<止まった刻 検証・大川小事故>第1部 葛藤(3)波頭を目撃 山駆け上がる

 東日本大震災の津波で全校児童108人中、70人が死亡、4人が行方不明となり、児童を保護していた教職員10人が亡くなった宮城県石巻市大川小。戦後最悪の学校管理下の事故を巡る仙台高裁判決が今春にも言い渡される。あの時、大川小で何があったのか−。7年近くたつ今、当時の子どもたちや関係者が重い口を開き始めた。第1部は当事者の証言などから、学校にいた教職員11人中、唯一助かった当時教務主任の男性教諭(56)の「3.11」を追う。(大川小事故取材班)

◎教務主任の3.11

 石巻市大川小の男性教務主任(56)は「せめて一番高い校舎2階に避難場所を探す」として、校舎内に入った。全校児童108人中、74人が津波の犠牲となり、教職員10人が亡くなる惨事を、この時、どこまで予見していただろうか。
 1985年3月に完成した大川小は、屋上がないモダンなデザインが評判だった。実は2階の配膳室にあるメンテナンス用のはしごを使えば屋根に上がれる。天井の扉は閉まっており、鍵は1階の職員室に散乱していた。教務主任は「屋上避難」を諦めた。
 教務主任が校舎内にいるとき、児童らの命運を左右する重大な決断が下される。北上川右岸の堤防道路(三角地帯)への移動だ。三角地帯は学校より5〜6メートル高いが、防災無線が「絶対近づかないで」と繰り返していた堤防だ。
 午後3時30〜35分ごろ、教頭らが「三角地帯へ逃げるから、走らず列を作って行きましょう」と呼び掛けた。区長は「三角地帯に行こう」と主張しており、相談して決めたとみられる。
 当時、校長は不在。教頭に次ぐ立場だった教務主任は重大な決定に関わっていなかったことになる。2016年10月の仙台地裁判決は、1〜2分で行ける裏山に避難させなかった教職員の過失を認める一方、「校舎の見回り」を理由に教務主任だけ免責した。
 校庭に戻ると、児童の列は三角地帯に向け、出発していた。「(上流の)間垣の堤防の一番高い所(三角地帯)に避難する」と住民に教えられ、教務主任は児童の列の最後尾に付いた。
 釜谷交流会館の駐車場を通過する児童の列を目撃した永沼輝昭さん(77)は「子どもたちは急ぐでもなく歩いて行った。4〜5メートル後を釜谷の女性が子どもたちに声を掛けながら付いていった」と話す。
 教務主任は事故検証委員会に津波襲来時の様子をこう語っている。
 「交流会館を過ぎた辺りで、校庭側から強い風が吹き、離陸する飛行機のエンジン音のようなゴーという音が聞こえた。
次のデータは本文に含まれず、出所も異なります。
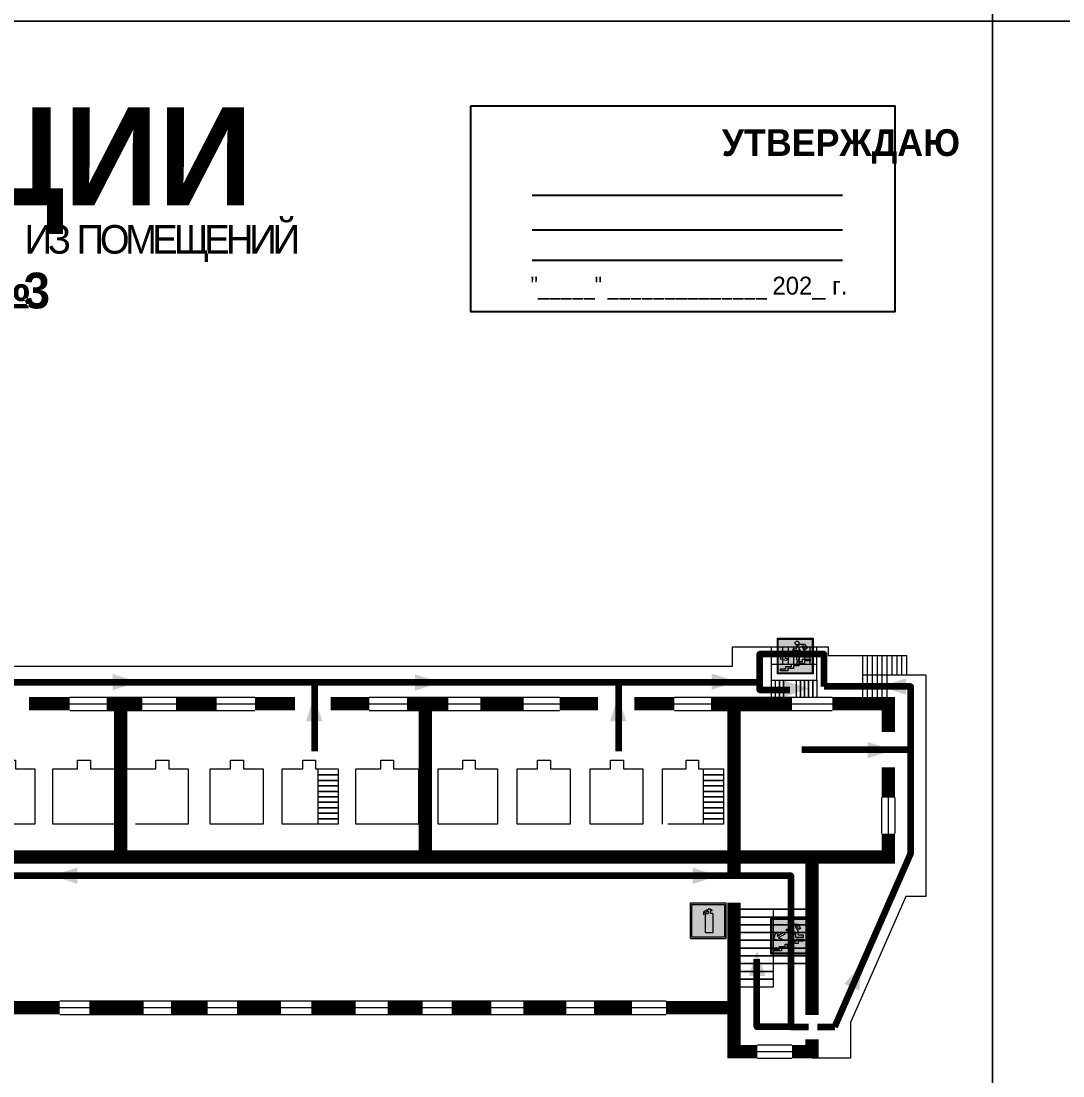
# Model space of a CAD drawing. Header units: millimetres. Extents: x 13810 to 67229, y 12374 to 21950.
# Drawn here: x 33169.7 to 33403.2, y 14704.5 to 14940.9 of the extents above; entities that cross this region are included whole.
import ezdxf

# ---------------------------------------------------------------- set-up
doc = ezdxf.new("R2010")
doc.units = ezdxf.units.MM
doc.linetypes.add('{ Wide Dash }', pattern=[12, 4, -2, 4, -2])
doc.layers.add('План_Штампы', color=7, linetype='Continuous')
doc.styles.add('обычный', font='arial.ttf')

# ---------------------------------------------------------------- blocks, each defined once
blk = doc.blocks.new('вниз 3')
at = {"lineweight": 0, "true_color": 0xffffff}
h = blk.add_hatch(color=7, dxfattribs=at)
h.dxf.hatch_style = 1
h.paths.add_polyline_path([(40997.5, -4475.69), (40997.25, -4475.28), (40995.76, -4476.15), (40995.97, -4475.23), (40995.39, -4475.56), (40995.05, -4476.83), (40996.33, -4477.17), (40996.91, -4476.83), (40996, -4476.55)], flags=0)
h.paths.add_polyline_path([(40999.81, -4473.95), (41000.22, -4473.95), (41000.64, -4474.67), (41001.03, -4474.43), (41000.46, -4473.49), (41000.42, -4473.49), (40999.43, -4473.49), (40998.68, -4473.92), (40998.68, -4474.57), (40997.88, -4474.57), (40997.88, -4475), (40999.14, -4475), (40999.14, -4474.43), (40999.14, -4474.38), (40999.59, -4475.15), (40998.72, -4475.67), (40998.72, -4477.06), (40999.24, -4477.06), (40999.24, -4475.96), (40999.95, -4475.56), (40999.95, -4476.43), (41001.61, -4476.43), (41001.61, -4475.88), (41000.47, -4475.88), (41000.47, -4475.12)], flags=0)
h.paths.add_polyline_path([(40999.2, -4473.24, 1), (40998.35, -4473.24, 1)], flags=0)
h.paths.add_polyline_path([(41000.46, -4477.26), (41001.69, -4477.26), (41001.69, -4476.84), (41000.03, -4476.84), (41000.03, -4477.39), (40998.78, -4477.39), (40998.78, -4477.95), (40997.53, -4477.95), (40997.53, -4478.5), (40996.29, -4478.5), (40996.29, -4479.06), (40995.05, -4479.06), (40995.05, -4479.48), (40995.29, -4479.48), (40996.72, -4479.48), (40996.72, -4478.92), (40997.97, -4478.92), (40997.97, -4478.36), (40999.2, -4478.36), (40999.2, -4477.81), (41000.46, -4477.81)], flags=0)
h.paths.add_polyline_path([(41002.37, -4472.17), (40994.37, -4472.17), (40994.37, -4480.17), (41002.37, -4480.17)])
h.paths.add_polyline_path([(41002.16, -4479.96), (40994.57, -4479.96), (40994.57, -4472.37), (41002.16, -4472.37)], flags=16)
h.paths.add_polyline_path([(41001.61, -4475.88), (41001.61, -4476.43), (40999.95, -4476.43), (40999.95, -4475.56), (40999.24, -4475.96), (40999.24, -4477.06), (40998.72, -4477.06), (40998.72, -4475.67), (40999.59, -4475.15), (40999.14, -4474.38), (40999.14, -4474.43), (40999.14, -4475), (40997.88, -4475), (40997.88, -4474.57), (40998.68, -4474.57), (40998.68, -4473.92), (40999.43, -4473.49), (41000.42, -4473.49), (41000.46, -4473.49), (41001.03, -4474.43), (41000.64, -4474.67), (41000.22, -4473.95), (40999.81, -4473.95), (41000.47, -4475.12), (41000.47, -4475.88)], flags=0)
h.paths.add_polyline_path([(41001.69, -4476.84), (41001.69, -4477.26), (41000.46, -4477.26), (41000.46, -4477.81), (40999.2, -4477.81), (40999.2, -4478.36), (40997.97, -4478.36), (40997.97, -4478.92), (40996.72, -4478.92), (40996.72, -4479.48), (40995.05, -4479.48), (40995.05, -4479.06), (40996.29, -4479.06), (40996.29, -4478.5), (40997.53, -4478.5), (40997.53, -4477.95), (40998.78, -4477.95), (40998.78, -4477.39), (41000.03, -4477.39), (41000.03, -4476.84)], flags=0)
h.paths.add_polyline_path([(40998.35, -4473.24, -1), (40999.2, -4473.24, -1)], flags=0)
h.paths.add_polyline_path([(40997.5, -4475.69), (40996, -4476.55), (40996.91, -4476.83), (40996.33, -4477.17), (40995.05, -4476.83), (40995.39, -4475.56), (40995.97, -4475.23), (40995.76, -4476.15), (40997.25, -4475.28)], flags=0)
at = {"lineweight": 0}
h = blk.add_hatch(color=126, dxfattribs=at)
h.dxf.hatch_style = 1
h.paths.add_polyline_path([(41002.16, -4472.37), (40994.57, -4472.37), (40994.57, -4479.96), (41002.16, -4479.96)])
h.paths.add_polyline_path([(40995.97, -4475.23), (40995.76, -4476.15), (40997.25, -4475.28), (40997.5, -4475.69), (40996, -4476.55), (40996.91, -4476.83), (40996.33, -4477.17), (40995.05, -4476.83), (40995.39, -4475.56)], flags=16)
h.paths.add_polyline_path([(40997.88, -4474.57), (40998.68, -4474.57), (40998.68, -4473.92), (40999.43, -4473.49), (41000.42, -4473.49), (41000.46, -4473.49), (41001.03, -4474.43), (41000.64, -4474.67), (41000.22, -4473.95), (40999.81, -4473.95), (41000.47, -4475.12), (41000.47, -4475.88), (41001.61, -4475.88), (41001.61, -4476.43), (40999.95, -4476.43), (40999.95, -4475.56), (40999.24, -4475.96), (40999.24, -4477.06), (40998.72, -4477.06), (40998.72, -4475.67), (40999.59, -4475.15), (40999.14, -4474.38), (40999.14, -4474.43), (40999.14, -4475), (40997.88, -4475)], flags=16)
h.paths.add_polyline_path([(40998.35, -4473.24, -1), (40999.2, -4473.24, -1)], flags=16)
h.paths.add_polyline_path([(40997.53, -4477.95), (40998.78, -4477.95), (40998.78, -4477.39), (41000.03, -4477.39), (41000.03, -4476.84), (41001.69, -4476.84), (41001.69, -4477.26), (41000.46, -4477.26), (41000.46, -4477.81), (40999.2, -4477.81), (40999.2, -4478.36), (40997.97, -4478.36), (40997.97, -4478.92), (40996.72, -4478.92), (40996.72, -4479.48), (40995.05, -4479.48), (40995.05, -4479.06), (40996.29, -4479.06), (40996.29, -4478.5), (40997.53, -4478.5)], flags=16)
at = {"lineweight": 0, "true_color": 0xffffff}
h = blk.add_hatch(color=7, dxfattribs=at)
h.dxf.hatch_style = 1
h.paths.add_polyline_path([(40999.2, -4473.24, 1), (40998.35, -4473.24, 1)])
h.paths.add_polyline_path([(40999.81, -4473.95), (41000.22, -4473.95), (41000.64, -4474.67), (41001.03, -4474.43), (41000.46, -4473.49), (41000.42, -4473.49), (40999.43, -4473.49), (40998.68, -4473.92), (40998.68, -4474.57), (40997.88, -4474.57), (40997.88, -4475), (40999.14, -4475), (40999.14, -4474.43), (40999.14, -4474.38), (40999.59, -4475.15), (40998.72, -4475.67), (40998.72, -4477.06), (40999.24, -4477.06), (40999.24, -4475.96), (40999.95, -4475.56), (40999.95, -4476.43), (41001.61, -4476.43), (41001.61, -4475.88), (41000.47, -4475.88), (41000.47, -4475.12)])
h.paths.add_polyline_path([(40999.2, -4477.81), (41000.46, -4477.81), (41000.46, -4477.26), (41001.69, -4477.26), (41001.69, -4476.84), (41000.03, -4476.84), (41000.03, -4477.39), (40998.78, -4477.39), (40998.78, -4477.95), (40997.53, -4477.95), (40997.53, -4478.5), (40996.29, -4478.5), (40996.29, -4479.06), (40995.05, -4479.06), (40995.05, -4479.48), (40995.29, -4479.48), (40996.72, -4479.48), (40996.72, -4478.92), (40997.97, -4478.92), (40997.97, -4478.36), (40999.2, -4478.36)])
h.paths.add_polyline_path([(40997.5, -4475.69), (40997.25, -4475.28), (40995.76, -4476.15), (40995.97, -4475.23), (40995.39, -4475.56), (40995.05, -4476.83), (40996.33, -4477.17), (40996.91, -4476.83), (40996, -4476.55)])
at = {"color": 126, "lineweight": 0}
for points in [[(40994.37, -4472.17), (41002.37, -4472.17), (41002.37, -4480.17), (40994.37, -4480.17)], [(40994.57, -4472.37), (41002.16, -4472.37), (41002.16, -4479.96), (40994.57, -4479.96)]]:
    blk.add_lwpolyline(points, close=True, dxfattribs=at)
for points in [[(40999.14, -4474.43), (40999.14, -4475), (40997.88, -4475), (40997.88, -4474.57), (40998.68, -4474.57), (40998.68, -4473.92), (40999.43, -4473.49), (41000.42, -4473.49), (41000.46, -4473.49), (41001.03, -4474.43), (41000.64, -4474.67), (41000.22, -4473.95), (40999.81, -4473.95), (41000.47, -4475.12), (41000.47, -4475.88), (41001.61, -4475.88), (41001.61, -4476.43), (40999.95, -4476.43), (40999.95, -4475.56), (40999.24, -4475.96), (40999.24, -4477.06), (40998.72, -4477.06), (40998.72, -4475.67), (40999.59, -4475.15), (40999.14, -4474.38), (40999.14, -4474.43)], [(40995.05, -4476.83), (40995.39, -4475.56), (40995.97, -4475.23), (40995.76, -4476.15), (40997.25, -4475.28), (40997.5, -4475.69), (40996, -4476.55), (40996.91, -4476.83), (40996.33, -4477.17), (40995.05, -4476.83)], [(40995.29, -4479.48), (40995.05, -4479.48), (40995.05, -4479.06), (40996.29, -4479.06), (40996.29, -4478.5), (40997.53, -4478.5), (40997.53, -4477.95), (40998.78, -4477.95), (40998.78, -4477.39), (41000.03, -4477.39), (41000.03, -4476.84), (41001.69, -4476.84), (41001.69, -4477.26), (41000.46, -4477.26), (41000.46, -4477.81), (40999.2, -4477.81), (40999.2, -4478.36), (40997.97, -4478.36), (40997.97, -4478.92), (40996.72, -4478.92), (40996.72, -4479.48), (40995.05, -4479.48)]]:
    blk.add_lwpolyline(points, dxfattribs=at)
blk.add_circle((40998.77, -4473.24), 0.426, dxfattribs=at)
blk = doc.blocks.new('A$C3AD82952')
at = {"true_color": 0xf5f5ff}
h = blk.add_hatch(color=7, dxfattribs=at)
h.dxf.hatch_style = 1
h.paths.add_polyline_path([(8.21, 8.73, 0.414214), (7.89, 9.05), (7.22, 9.05), (7.22, 9.92), (7.59, 9.92, 1), (7.57, 10.36), (7.22, 10.36), (7.22, 10.6), (6.43, 10.6), (6.43, 10.36), (6.01, 10.36), (4.74, 9.59), (4.74, 8.69), (4.98, 8.73), (4.98, 9.26), (6.12, 9.91), (6.43, 9.91), (6.43, 9.05), (5.76, 9.05, 0.414214), (5.44, 8.73), (5.44, 2.2), (8.21, 2.2)], flags=0)
h.paths.add_polyline_path([(12.8, 12.8), (0, 12.8), (0, 0), (12.8, 0)])
h.paths.add_polyline_path([(0.51, 12.29), (12.29, 12.29), (12.29, 0.51), (0.51, 0.51)], flags=16)
h.paths.add_polyline_path([(4.74, 9.59), (6.01, 10.36), (6.43, 10.36), (6.43, 10.6), (7.22, 10.6), (7.22, 10.36), (7.59, 10.36, -0.94586), (7.59, 9.92), (7.22, 9.92), (7.22, 9.05), (7.89, 9.05, -0.414214), (8.21, 8.73), (8.21, 2.2), (5.44, 2.2), (5.44, 8.73, -0.414214), (5.76, 9.05), (6.43, 9.05), (6.43, 9.91), (6.12, 9.91), (4.98, 9.26), (4.98, 8.73), (4.74, 8.69)], flags=0)
h = blk.add_hatch(color=242)
h.dxf.hatch_style = 1
h.paths.add_polyline_path([(12.29, 12.29), (0.51, 12.29), (0.51, 0.51), (12.29, 0.51)])
h.paths.add_polyline_path([(4.74, 8.69), (4.74, 9.59), (6.01, 10.36), (6.43, 10.36), (6.43, 10.6), (7.22, 10.6), (7.22, 10.36), (7.59, 10.36, -0.94586), (7.59, 9.92), (7.22, 9.92), (7.22, 9.05), (7.89, 9.05, -0.414214), (8.21, 8.73), (8.21, 2.2), (5.44, 2.2), (5.44, 8.73, -0.414214), (5.76, 9.05), (6.43, 9.05), (6.43, 9.91), (6.12, 9.91), (4.98, 9.26), (4.98, 8.73)], flags=16)
h = blk.add_hatch(color=7, dxfattribs=at)
h.dxf.hatch_style = 1
h.paths.add_polyline_path([(8.21, 8.73, 0.414214), (7.89, 9.05), (7.22, 9.05), (7.22, 9.92), (7.59, 9.92, 1), (7.57, 10.36), (7.22, 10.36), (7.22, 10.6), (6.43, 10.6), (6.43, 10.36), (6.01, 10.36), (4.74, 9.59), (4.74, 8.69), (4.98, 8.73), (4.98, 9.26), (6.12, 9.91), (6.43, 9.91), (6.43, 9.05), (5.76, 9.05, 0.414214), (5.44, 8.73), (5.44, 2.2), (8.21, 2.2)])
at = {"color": 242, "lineweight": 5}
for p, q in [((0, 0), (0, 12.8)), ((0, 12.8), (12.8, 12.8)), ((12.8, 0), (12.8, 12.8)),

家屋の高さくらいで長面方向から迫る津波が見えた。少し前まで走り、児童らに大声で『こっちだ!こっちだ!』『山だ!山だ!』と声を掛け、自らも山へ駆け上がった」
 一方、「最後尾は女性」という永沼さんの証言を基に、児童遺族の間には「教務主任は校舎見回り中に津波を目撃し、1人で裏山に逃げた」と、Aルート=図表=から登ったという説が今も根強い。
 Aルートは裏山で最も傾斜が緩く、児童がシイタケ栽培の学習で登っていた。遺族が「ここに避難させてほしかった」と訴えるルートでもある。
 当時の児童は、助かった同級生から「(津波襲来時)教務主任が『山だ』と叫んでいたと聞いた」と取材に答えた。Aルートに向かう途中、津波にのまれた当時中学1年の男性(20)は「Aルートから登ったのは自分一人。コンクリートたたきを横切り、Bルートの避難者と合流するまで誰にも会わなかった」と話す。
 奇跡的に助かった児童2人が打ち上げられた斜面を仮にDルートとすれば、教務主任と3年の男子児童は、この急斜面を駆け上がった可能性が高い。